"As empresas em Portugal serão proibidas de contactar os trabalhadores fora do horário de trabalho e têm de suportar os seus custos adicionais de energia e comunicações ao abrigo de uma das leis europeias mais favoráveis ao trabalhador para regulamentar o trabalho no domicílio", começa por explicar o jornal inglês Financial Times num artigo que publicou esta segunda-feira sobre o direito a desligar que foi aprovado no passado dia 3 de novembro pela Assembleia da República. Ou seja, uma das alterações ao Código do Trabalho que se baseia no direito a desligar dos trabalhadores no período de descanso, durante o qual os empregadores não podem contactar os mesmos.
“O empregador tem o dever de se abster de contactar o trabalhador no período de descanso, ressalvadas as situações de força maior”, pode ler-se na proposta do PS. “Constitui contraordenação grave a violação” do disposto neste artigo, explicaram os socialistas. Importa referir que, no mesmo artigo, consta uma norma que estabelece que “constitui ação discriminatória (…) qualquer tratamento desvantajoso, em matéria de condições de trabalho e de evolução profissional, dado a trabalhador pelo facto de exercer o direito estabelecido no número anterior”.

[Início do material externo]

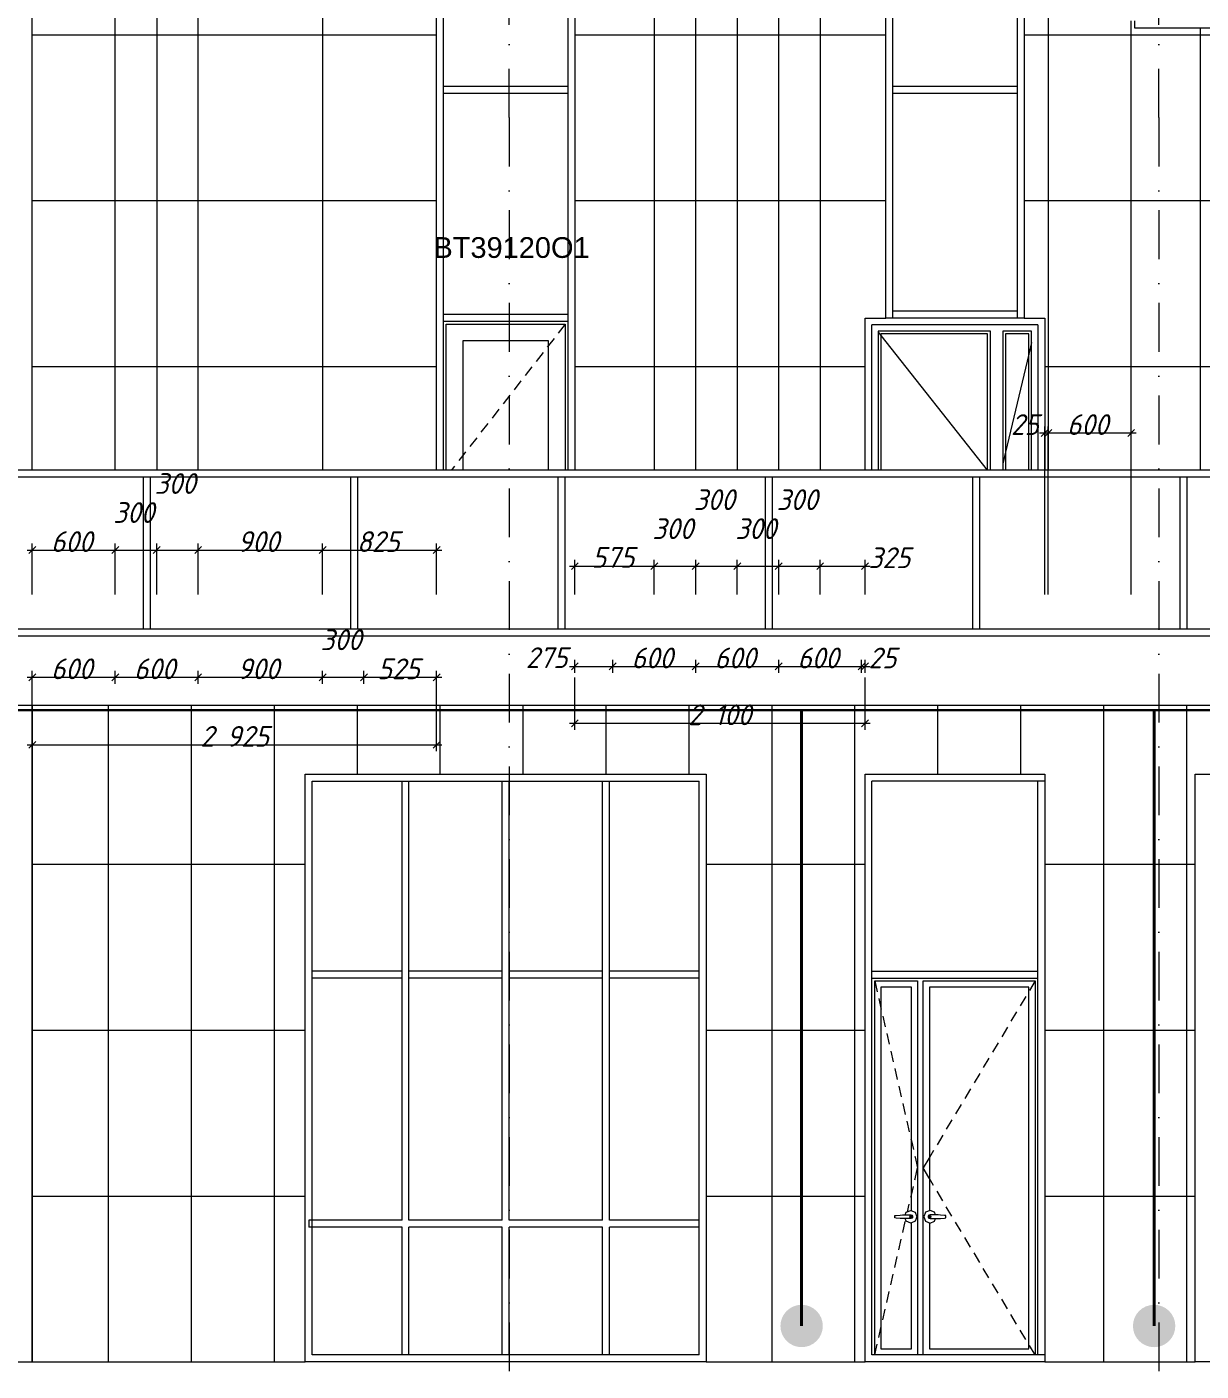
# Model space of a CAD drawing. Header units: millimetres. Extents: x 1499747 to 4230374, y -28481 to 441852.
# Drawn here: x 2536340 to 2544835, y 284846 to 294569 of the extents above; entities that cross this region are included whole.
import ezdxf
from ezdxf.xclip import XClip

# ---------------------------------------------------------------- set-up
doc = ezdxf.new("R2010")
doc.units = ezdxf.units.MM
doc.header["$MEASUREMENT"] = 0
doc.header["$XCLIPFRAME"] = 0
doc.linetypes.add('Штрихпунктирная', pattern=[670.277762, 352.777767, -176.388884, 0, -141.111112])
for name, color, linetype, lineweight in [('1 Фасад_42_Витраж где быссейн_Ном._пера__1_Ном._пера__7', 7, 'Continuous', 18), ('1 Фасад_42_Витражные окна_Ном._пера__102_Ном._пера__9', 9, 'Continuous', 18), ('1 Фасад_42_Витражные окна_Ном._пера__1_Ном._пера__7', 7, 'Continuous', 18), ('1 Фасад_42_Витражные окна_Ном._пера__20_Ном._пера__1', 1, 'Continuous', 18), ('1 Фасад_42_Витражные окна_Ном._пера__92_Ном._пера__233', 233, 'Continuous', 18), ('1 Фасад_42_Выступы_Ном._пера__1_Ном._пера__7', 7, 'Continuous', 18), ('1 Фасад_42_Выступы_Ном._пера__62_Ном._пера__253', 252, 'Continuous', 18), ('1 Фасад_42_Отделка керамика_Ном._пера__19_Ном._пера__255', 255, 'Continuous', 18), ('1 Фасад_42_Отделка керамика_Ном._пера__1_Ном._пера__7', 7, 'Continuous', 18), ('1 Фасад_42_Сетка кладки_Ном._пера__20_Ном._пера__1', 1, 'Continuous', 18), ('1 Фасад_42_Сетка кладки_Ном._пера__5_Ном._пера__5', 5, 'Continuous', 18), ('1 Фасад_42_Сетка кладки_Ном._пера__62_Ном._пера__253', 252, 'Continuous', 18), ('1 Фасад_42_Элемент Модели - Оси_Ном._пера__2_Ном._пера__8', 8, 'Continuous', 18), ('Кабель 2x4mm', 200, 'Continuous', 30), ('Кабель 2х6 mm', 150, 'Continuous', 30)]:
    doc.layers.add(name, color=color, linetype=linetype, lineweight=lineweight)
doc.styles.add('СГЕНЕРИР_СТИЛЬ_1', font='')
doc.styles.add('СГЕНЕРИР_СТИЛЬ_2', font='arial.ttf')
doc.styles.get('СГЕНЕРИР_СТИЛЬ_1').set_extended_font_data('GOST Common', italic=True)

# ---------------------------------------------------------------- blocks, each defined once
blk = doc.blocks.new('Чертеж_5_42', base_point=(1557140.5, 9891.3))
at = {"layer": '1 Фасад_42_Витраж где быссейн_Ном._пера__1_Ном._пера__7', "color": 252, "linetype": 'Continuous', "true_color": 0x939598}
for p, q in [((1531020.6, 16341.3), (1529520.6, 16341.3)), ((1532520.6, 16341.3), (1531020.6, 16341.3)), ((1534020.6, 16341.3), (1532520.6, 16341.3)), ((1535520.6, 16341.3), (1534020.6, 16341.3)), ((1537020.6, 16341.3), (1535520.6, 16341.3)), ((1538520.6, 16341.3), (1537020.6, 16341.3)), ((1540020.6, 16341.3), (1538520.6, 16341.3)), ((1530995.6, 16291.3), (1529545.6, 16291.3)), ((1531020.6, 16291.3), (1530995.6, 16291.3)), ((1530995.6, 15191.3), (1530995.6, 16291.3)), ((1531045.6, 16291.3), (1531020.6, 16291.3)), ((1532495.6, 16291.3), (1531045.6, 16291.3)), ((1531045.6, 15191.3), (1531045.6, 16291.3)), ((1532520.6, 16291.3), (1532495.6, 16291.3)), ((1532495.6, 15191.3), (1532495.6, 16291.3)), ((1532545.6, 16291.3), (1532520.6, 16291.3)), ((1533995.6, 16291.3), (1532545.6, 16291.3)), ((1532545.6, 15191.3), (1532545.6, 16291.3)), ((1534020.6, 16291.3), (1533995.6, 16291.3)), ((1533995.6, 15191.3), (1533995.6, 16291.3)), ((1534045.6, 16291.3), (1534020.6, 16291.3)), ((1535495.6, 16291.3), (1534045.6, 16291.3)), ((1534045.6, 15191.3), (1534045.6, 16291.3)), ((1535520.6, 16291.3), (1535495.6, 16291.3)), ((1535495.6, 15191.3), (1535495.6, 16291.3)), ((1535545.6, 16291.3), (1535520.6, 16291.3)), ((1536995.6, 16291.3), (1535545.6, 16291.3)), ((1535545.6, 15191.3), (1535545.6, 16291.3)), ((1537020.6, 16291.3), (1536995.6, 16291.3)), ((1536995.6, 15191.3), (1536995.6, 16291.3)), ((1537045.6, 16291.3), (1537020.6, 16291.3)), ((1538495.6, 16291.3), (1537045.6, 16291.3)), ((1537045.6, 15191.3), (1537045.6, 16291.3)), ((1538520.6, 16291.3), (1538495.6, 16291.3)), ((1538495.6, 15191.3), (1538495.6, 16291.3)), ((1538545.6, 16291.3), (1538520.6, 16291.3)), ((1539995.6, 16291.3), (1538545.6, 16291.3)), ((1538545.6, 15191.3), (1538545.6, 16291.3)), ((1530995.6, 15191.3), (1529545.6, 15191.3)), ((1531020.6, 15191.3), (1530995.6, 15191.3)), ((1531045.6, 15191.3), (1531020.6, 15191.3)), ((1532495.6, 15191.3), (1531045.6, 15191.3)), ((1532520.6, 15191.3), (1532495.6, 15191.3)), ((1532545.6, 15191.3), (1532520.6, 15191.3)), ((1533995.6, 15191.3), (1532545.6, 15191.3)), ((1534020.6, 15191.3), (1533995.6, 15191.3)), ((1534045.6, 15191.3), (1534020.6, 15191.3)), ((1535495.6, 15191.3), (1534045.6, 15191.3)), ((1535520.6, 15191.3), (1535495.6, 15191.3)), ((1535545.6, 15191.3), (1535520.6, 15191.3)), ((1536995.6, 15191.3), (1535545.6, 15191.3)), ((1537020.6, 15191.3), (1536995.6, 15191.3)), ((1537045.6, 15191.3), (1537020.6, 15191.3)), ((1538495.6, 15191.3), (1537045.6, 15191.3)), ((1538520.6, 15191.3), (1538495.6, 15191.3)), ((1538545.6, 15191.3), (1538520.6, 15191.3)), ((1539995.6, 15191.3), (1538545.6, 15191.3))]:
    blk.add_line(p, q, dxfattribs=at)
at = {"layer": '1 Фасад_42_Витражные окна_Ном._пера__102_Ном._пера__9', "color": 252, "linetype": 'Continuous', "true_color": 0x939598}
for p, q in [((1536310.5, 17339.7), (1536330.5, 17314.4)), ((1536330.5, 17314.4), (1537099.8, 16341.3)), ((1537420.5, 17265.7), (1537400.5, 17181.3)), ((1537400.5, 17181.3), (1537232.3, 16471.2)), ((1537232.3, 16471.2), (1537212.3, 16386.8)), ((1536285.5, 12646.3), (1536303.3, 12568.3)), ((1537445.5, 12646.3), (1537404.4, 12577.6)), ((1536314.5, 12519.6), (1536330.5, 12449.9)), ((1536330.5, 12449.9), (1536332.4, 12441.6)), ((1537378.7, 12534.7), (1537337.6, 12466.1)), ((1536343.5, 12392.8), (1536361.4, 12314.9)), ((1537311.9, 12423.2), (1537270.8, 12354.6)), ((1536372.6, 12266.1), (1536390.5, 12188.2)), ((1537245.1, 12311.7), (1537204, 12243.1)), ((1537178.3, 12200.2), (1537137.2, 12131.5)), ((1536401.6, 12139.4), (1536419.5, 12061.4)), ((1537111.5, 12088.6), (1537070.4, 12020)), ((1536430.7, 12012.7), (1536448.5, 11934.7)), ((1537044.7, 11977.1), (1537003.6, 11908.5)), ((1536459.7, 11886), (1536477.6, 11808)), ((1536977.9, 11865.6), (1536936.8, 11796.9)), ((1536488.8, 11759.3), (1536506.6, 11681.3)), ((1536911.1, 11754), (1536870, 11685.4)), ((1536517.8, 11632.6), (1536535.7, 11554.6)), ((1536844.3, 11642.5), (1536803.2, 11573.9)), ((1536546.9, 11505.8), (1536550.5, 11490.1)), ((1536550.5, 11490.1), (1536564.7, 11427.9)), ((1536777.5, 11531), (1536736.4, 11462.4)), ((1536575.9, 11379.1), (1536577.6, 11371.8)), ((1536710.7, 11419.5), (1536680.5, 11368.9)), ((1536577.6, 11371.8), (1536595.5, 11293.8)), ((1536577.6, 11215.8), (1536595.5, 11293.8)), ((1536676.6, 11362.4), (1536635.5, 11293.8)), ((1536676.6, 11225.1), (1536635.5, 11293.8)), ((1536680.5, 11368.9), (1536676.6, 11362.4)), ((1536575.9, 11208.4), (1536577.6, 11215.8)), ((1536680.5, 11218.6), (1536676.6, 11225.1)), ((1536710.7, 11168.1), (1536680.5, 11218.6)), ((1536546.9, 11081.7), (1536550.5, 11097.4)), ((1536550.5, 11097.4), (1536564.7, 11159.7)), ((1536777.5, 11056.6), (1536736.4, 11125.2)), ((1536523, 10977.5), (1536535.7, 11033)), ((1536844.3, 10945), (1536803.2, 11013.7)), ((1536488.8, 10828.3), (1536506.6, 10906.2)), ((1536911.1, 10833.5), (1536870, 10902.1)), ((1536459.7, 10701.6), (1536477.6, 10779.5)), ((1536977.9, 10722), (1536936.8, 10790.6)), ((1536430.7, 10574.8), (1536448.5, 10652.8)), ((1537044.7, 10610.4), (1537003.6, 10679.1)), ((1536401.6, 10448.1), (1536419.5, 10526.1)), ((1537111.5, 10498.9), (1537070.4, 10567.5)), ((1537178.3, 10387.4), (1537137.2, 10456)), ((1536372.6, 10321.4), (1536390.5, 10399.4)), ((1537245.1, 10275.9), (1537204, 10344.5)), ((1536343.5, 10194.7), (1536361.4, 10272.7)), ((1537311.9, 10164.3), (1537270.8, 10233)), ((1536314.5, 10068), (1536330.5, 10137.6)), ((1536330.5, 10137.6), (1536332.4, 10146)), ((1537378.7, 10052.8), (1537337.6, 10121.4)), ((1536285.5, 9941.3), (1536303.3, 10019.3)), ((1537445.5, 9941.3), (1537404.4, 10009.9))]:
    blk.add_line(p, q, dxfattribs=at)
at = {"layer": '1 Фасад_42_Витражные окна_Ном._пера__1_Ном._пера__7', "color": 252, "linetype": 'Continuous', "true_color": 0x939598}
for p, q in [((1533165.5, 19116.3), (1533165.5, 20066.3)), ((1534065.5, 20066.3), (1534065.5, 19116.3)), ((1536415.5, 19116.3), (1536415.5, 20066.3)), ((1537315.5, 20066.3), (1537315.5, 19116.3)), ((1533165.5, 19091.3), (1533165.5, 19116.3)), ((1533395.5, 19116.3), (1533165.5, 19116.3)), ((1533165.5, 19066.3), (1533165.5, 19091.3)), ((1533395.5, 19066.3), (1533165.5, 19066.3)), ((1533165.5, 17466.3), (1533165.5, 19066.3)), ((1534065.5, 19116.3), (1533395.5, 19116.3)), ((1534065.5, 19066.3), (1533395.5, 19066.3)), ((1534065.5, 19116.3), (1534065.5, 19091.3)), ((1534065.5, 19091.3), (1534065.5, 19066.3)), ((1534065.5, 19066.3), (1534065.5, 17466.3)), ((1536415.5, 19091.3), (1536415.5, 19116.3)), ((1536645.5, 19116.3), (1536415.5, 19116.3)), ((1536415.5, 19066.3), (1536415.5, 19091.3)), ((1536645.5, 19066.3), (1536415.5, 19066.3)), ((1536415.5, 17491.3), (1536415.5, 19066.3)), ((1537315.5, 19116.3), (1536645.5, 19116.3)), ((1537315.5, 19066.3), (1536645.5, 19066.3)), ((1537315.5, 19116.3), (1537315.5, 19091.3)), ((1537315.5, 19091.3), (1537315.5, 19066.3)), ((1537315.5, 19066.3), (1537315.5, 17491.3)), ((1533165.5, 17441.3), (1533165.5, 17466.3)), ((1533395.5, 17466.3), (1533165.5, 17466.3)), ((1533165.5, 17416.3), (1533165.5, 17441.3)), ((1533165.5, 16341.3), (1533165.5, 17416.3)), ((1533395.5, 17416.3), (1533165.5, 17416.3)), ((1534065.5, 17466.3), (1533395.5, 17466.3)), ((1534065.5, 17416.3), (1533395.5, 17416.3)), ((1534065.5, 17466.3), (1534065.5, 17441.3)), ((1534065.5, 17441.3), (1534065.5, 17416.3)), ((1534065.5, 17416.3), (1534065.5, 16341.3)), ((1536415.5, 17441.3), (1536365.5, 17441.3)), ((1536415.5, 17466.3), (1536415.5, 17491.3)), ((1536645.5, 17491.3), (1536415.5, 17491.3)), ((1536415.5, 17441.3), (1536415.5, 17466.3)), ((1536645.5, 17441.3), (1536415.5, 17441.3)), ((1537315.5, 17491.3), (1536645.5, 17491.3)), ((1537315.5, 17441.3), (1536645.5, 17441.3)), ((1537315.5, 17491.3), (1537315.5, 17466.3)), ((1537315.5, 17466.3), (1537315.5, 17441.3)), ((1537365.5, 17441.3), (1537315.5, 17441.3)), ((1533185.5, 17396.3), (1534045.5, 17396.3)), ((1533185.5, 16341.3), (1533185.5, 17396.3)), ((1534045.5, 17396.3), (1534045.5, 16341.3)), ((1536470.5, 17391.3), (1536265.5, 17391.3)), ((1536265.5, 16341.3), (1536265.5, 17391.3)), ((1536310.5, 17346.3), (1536310.5, 16341.3)), ((1537122.3, 17346.3), (1536310.5, 17346.3)), ((1537102.3, 17326.3), (1536330.5, 17326.3)), ((1536330.5, 17326.3), (1536330.5, 16341.3)), ((1537167.3, 17391.3), (1536470.5, 17391.3)), ((1537102.3, 16341.3), (1537102.3, 17326.3)), ((1537122.3, 16341.3), (1537122.3, 17346.3)), ((1537465.5, 17391.3), (1537167.3, 17391.3)), ((1537212.3, 17346.3), (1537212.3, 16341.3)), ((1537420.5, 17346.3), (1537212.3, 17346.3)), ((1537400.5, 17326.3), (1537232.3, 17326.3)), ((1537232.3, 17326.3), (1537232.3, 16341.3)), ((1537400.5, 16341.3), (1537400.5, 17326.3)), ((1537420.5, 16341.3), (1537420.5, 17346.3)), ((1537465.5, 17391.3), (1537465.5, 16341.3)), ((1533925.5, 17276.3), (1533305.5, 17276.3)), ((1533305.5, 17276.3), (1533305.5, 16341.3)), ((1533925.5, 16341.3), (1533925.5, 17276.3)), ((1532215.5, 14091.2), (1532865.5, 14091.2)), ((1532215.5, 13191.3), (1532215.5, 14091.2)), ((1532865.5, 13191.3), (1532865.5, 14091.2)), ((1532865.5, 14091.2), (1532890.5, 14091.2)), ((1532890.5, 14091.2), (1532915.5, 14091.2)), ((1532915.5, 14091.2), (1533590.5, 14091.2)), ((1532915.5, 13191.3), (1532915.5, 14091.2)), ((1533590.5, 13191.3), (1533590.5, 14091.2)), ((1533590.5, 14091.2), (1533615.5, 14091.2)), ((1533615.5, 14091.2), (1533640.5, 14091.2)), ((1533640.5, 14091.2), (1534315.5, 14091.2)), ((1533640.5, 13191.3), (1533640.5, 14091.2)), ((1534315.5, 13191.3), (1534315.5, 14091.2)), ((1534315.5, 14091.2), (1534340.5, 14091.2)), ((1534340.5, 14091.2), (1534365.5, 14091.2)), ((1534365.5, 14091.2), (1535015.5, 14091.2)), ((1534365.5, 13191.3), (1534365.5, 14091.2)), ((1535015.5, 13191.3), (1535015.5, 14091.2)), ((1537465.5, 14091.3), (1536265.5, 14091.3)), ((1536265.5, 12716.3), (1536265.5, 14091.3)), ((1537465.5, 12716.3), (1537465.5, 14091.3)), ((1537515.5, 14091.3), (1537465.5, 14091.3)), ((1532215.5, 12716.3), (1532215.5, 13191.3)), ((1532865.5, 12716.3), (1532865.5, 13191.3)), ((1532915.5, 12716.3), (1532915.5, 13191.3)), ((1533590.5, 12716.3), (1533590.5, 13191.3)), ((1533640.5, 12716.3), (1533640.5, 13191.3)), ((1534315.5, 12716.3), (1534315.5, 13191.3)), ((1534365.5, 12716.3), (1534365.5, 13191.3)), ((1535015.5, 12716.3), (1535015.5, 13191.3)), ((1532215.5, 12691.3), (1532215.5, 12716.3)), ((1532865.5, 12716.3), (1532215.5, 12716.3)), ((1532215.5, 12666.3), (1532215.5, 12691.3)), ((1532865.5, 12666.3), (1532215.5, 12666.3)), ((1532215.5, 12291.3), (1532215.5, 12666.3)), ((1532865.5, 12691.3), (1532865.5, 12716.3)), ((1532865.5, 12666.3), (1532865.5, 12691.3)), ((1532865.5, 12291.3), (1532865.5, 12666.3)), ((1532915.5, 12691.3), (1532915.5, 12716.3)), ((1533590.5, 12716.3), (1532915.5, 12716.3)), ((1532915.5, 12666.3), (1532915.5, 12691.3)), ((1532915.5, 12291.3), (1532915.5, 12666.3)), ((1533590.5, 12666.3), (1532915.5, 12666.3)), ((1533590.5, 12691.3), (1533590.5, 12716.3)), ((1533590.5, 12666.3), (1533590.5, 12691.3)), ((1533590.5, 12291.3), (1533590.5, 12666.3)), ((1533640.5, 12691.3), (1533640.5, 12716.3)), ((1534315.5, 12716.3), (1533640.5, 12716.3)), ((1533640.5, 12666.3), (1533640.5, 12691.3)), ((1534315.5, 12666.3), (1533640.5, 12666.3)), ((1533640.5, 12291.3), (1533640.5, 12666.3)), ((1534315.5, 12691.3), (1534315.5, 12716.3)), ((1534315.5, 12666.3), (1534315.5, 12691.3)), ((1534315.5, 12291.3), (1534315.5, 12666.3)), ((1534365.5, 12691.3), (1534365.5, 12716.3)), ((1535015.5, 12716.3), (1534365.5, 12716.3)), ((1534365.5, 12666.3), (1534365.5, 12691.3)), ((1535015.5, 12666.3), (1534365.5, 12666.3)), ((1534365.5, 12291.3), (1534365.5, 12666.3)), ((1535015.5, 12691.3), (1535015.5, 12716.3)), ((1535015.5, 12666.3), (1535015.5, 12691.3)), ((1535015.5, 12291.3), (1535015.5, 12666.3)), ((1536265.5, 12691.3), (1536265.5, 12716.3)), ((1536265.5, 12716.3), (1536615.5, 12716.3)), ((1536265.5, 12666.3), (1536265.5, 12691.3)), ((1536265.5, 9941.3), (1536265.5, 12666.3)), ((1536265.5, 12666.3), (1536615.5, 12666.3)), ((1536285.5, 12646.3), (1536595.5, 12646.3)), ((1536285.5, 9941.3), (1536285.5, 12646.3)), ((1536595.5, 12646.3), (1536595.5, 9941.3)), ((1536615.5, 12716.3), (1537465.5, 12716.3)), ((1536615.5, 12666.3), (1537465.5, 12666.3)), ((1536635.5, 12646.3), (1537445.5, 12646.3)), ((1536635.5, 9941.3), (1536635.5, 12646.3)), ((1537445.5, 12646.3), (1537445.5, 9941.3)), ((1537465.5, 12703.8), (1537465.5, 12716.3)), ((1537465.5, 12691.3), (1537465.5, 12703.8)), ((1537465.5, 12666.3), (1537465.5, 12691.3)), ((1537465.5, 9941.3), (1537465.5, 12666.3)), ((1536550.5, 12601.3), (1536330.5, 12601.3)), ((1536330.5, 12601.3), (1536330.5, 9986.3)), ((1536550.5, 10984.7), (1536550.5, 12601.3)), ((1537400.5, 12601.3), (1536680.5, 12601.3)), ((1536680.5, 12601.3), (1536680.5, 10984.7)), ((1537400.5, 9986.3), (1537400.5, 12601.3)), ((1532215.5, 10916.3), (1532215.5, 12291.3)), ((1532865.5, 10916.3), (1532865.5, 12291.3)), ((1532915.5, 10916.3), (1532915.5, 12291.3)), ((1533590.5, 10916.3), (1533590.5, 12291.3)), ((1533640.5, 10916.3), (1533640.5, 12291.3)), ((1534315.5, 10916.3), (1534315.5, 12291.3)), ((1534365.5, 10916.3), (1534365.5, 12291.3)), ((1535015.5, 10916.3), (1535015.5, 12291.3)), ((1532190.5, 10916.3), (1532190.5, 10866.3)), ((1532215.5, 10916.3), (1532190.5, 10916.3)), ((1532215.5, 10891.3), (1532215.5, 10916.3)), ((1532865.5, 10916.3), (1532215.5, 10916.3)), ((1532215.5, 10866.3), (1532215.5, 10891.3)), ((1533590.5, 10916.3), (1532915.5, 10916.3)), ((1534315.5, 10916.3), (1533640.5, 10916.3)), ((1535015.5, 10916.3), (1534365.5, 10916.3)), ((1535015.5, 10891.3), (1535015.5, 10916.3)), ((1535015.5, 10866.3), (1535015.5, 10891.3)), ((1536431.1, 10949.3), (1536441.2, 10951.2)), ((1536431.1, 10933.3), (1536431.1, 10949.3)), ((1536441.2, 10931.3), (1536431.1, 10933.3)), ((1536441.2, 10951.2), (1536468.6, 10953.3)), ((1536468.6, 10929.3), (1536441.2, 10931.3)), ((1536468.6, 10953.3), (1536485.5, 10954.3)), ((1536485.5, 10928.3), (1536468.6, 10929.3)), ((1536485.5, 10954.3), (1536545.5, 10955.3)), ((1536545.5, 10927.3), (1536485.5, 10928.3)), ((1536505.5, 10954.6), (1536513.3, 10973.4)), ((1536513.3, 10909.1), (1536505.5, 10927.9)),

"Portugal proibiu os patrões de enviar mensagens de texto aos funcionários depois do trabalho. Isso poderia acontecer nos EUA?", questiona o também britânico The Guardian num texto publicado no mesmo dia. "Os países que protegem o direito das pessoas a um equilíbrio saudável entre a vida profissional e a familiar estão a responder de maneira adequada à cultura de trabalho moderna", continua, ressalvando que "Portugal não é o único país a modernizar as suas leis laborais; cidadãos de França, Espanha, Bélgica, Eslováquia, Itália, Filipinas, Argentina, Índia, etc. desfrutam do “direito de se desconectar” – ou se abster, sem punição, de trabalhar e comunicar com os seus empregadores durante os períodos de descanso designados", explicita. Recorde-se que outra novidade desta lei prende-se com a promoção dos contactos presenciais entre os trabalhadores e as chefias com intervalos não superiores a dois meses para que se possa “diligenciar no sentido da redução do isolamento do trabalhador, promovendo, com a periodicidade estabelecida no acordo de teletrabalho, ou, em caso de omissão, com intervalos não superiores a dois meses, contactos presenciais dele com as chefias e demais trabalhadores” segundo o PS.
Ainda que outros órgãos internacionais de informação tenham feito a cobertura deste tema, como a CNN ou a BBC, o primeiro a prestar atenção ao mesmo foi a agência norte-americana Associated Press. "O parlamento de Portugal aprovou na sexta-feira novas leis sobre o trabalho em casa, introduzindo proteção adicional para os funcionários que fazem o seu trabalho fora das instalações da empresa. As novas regras são uma resposta à tendência do aumento do teletrabalho durante a pandemia COVID-19, disse o governo socialista", avançaram no dia 5 de novembro, acrescentando que o Executivo "vê vantagens" em trabalhar em casa, mas deseja adaptar a legislação trabalhista a este regime. Por isso, "os regulamentos trazem novas penalidades para as empresas que perturbam a privacidade dos funcionários ou das suas famílias e obrigam-as a compensar os funcionários pelas despesas relacionadas ao trabalho em casa".
É também de referir que estas mudanças foram satirizadas no programa de televisão norte-americano The Daily Show, apresentado pelo comediante Trevor Noah. Descrevendo o direito a desligar como uma decisão "mesmo gangsta", indicou que “uma vitória dos trabalhadores em Portugal e na maioria da Europa é ilegalizar que o chefe nos contacte a partir das cinco da tarde. Entretanto, na América, uma grande vitória laboral é que agora os trabalhadores da Amazon podem escolher em que garrafas, de vidro ou plástico, querem urinar".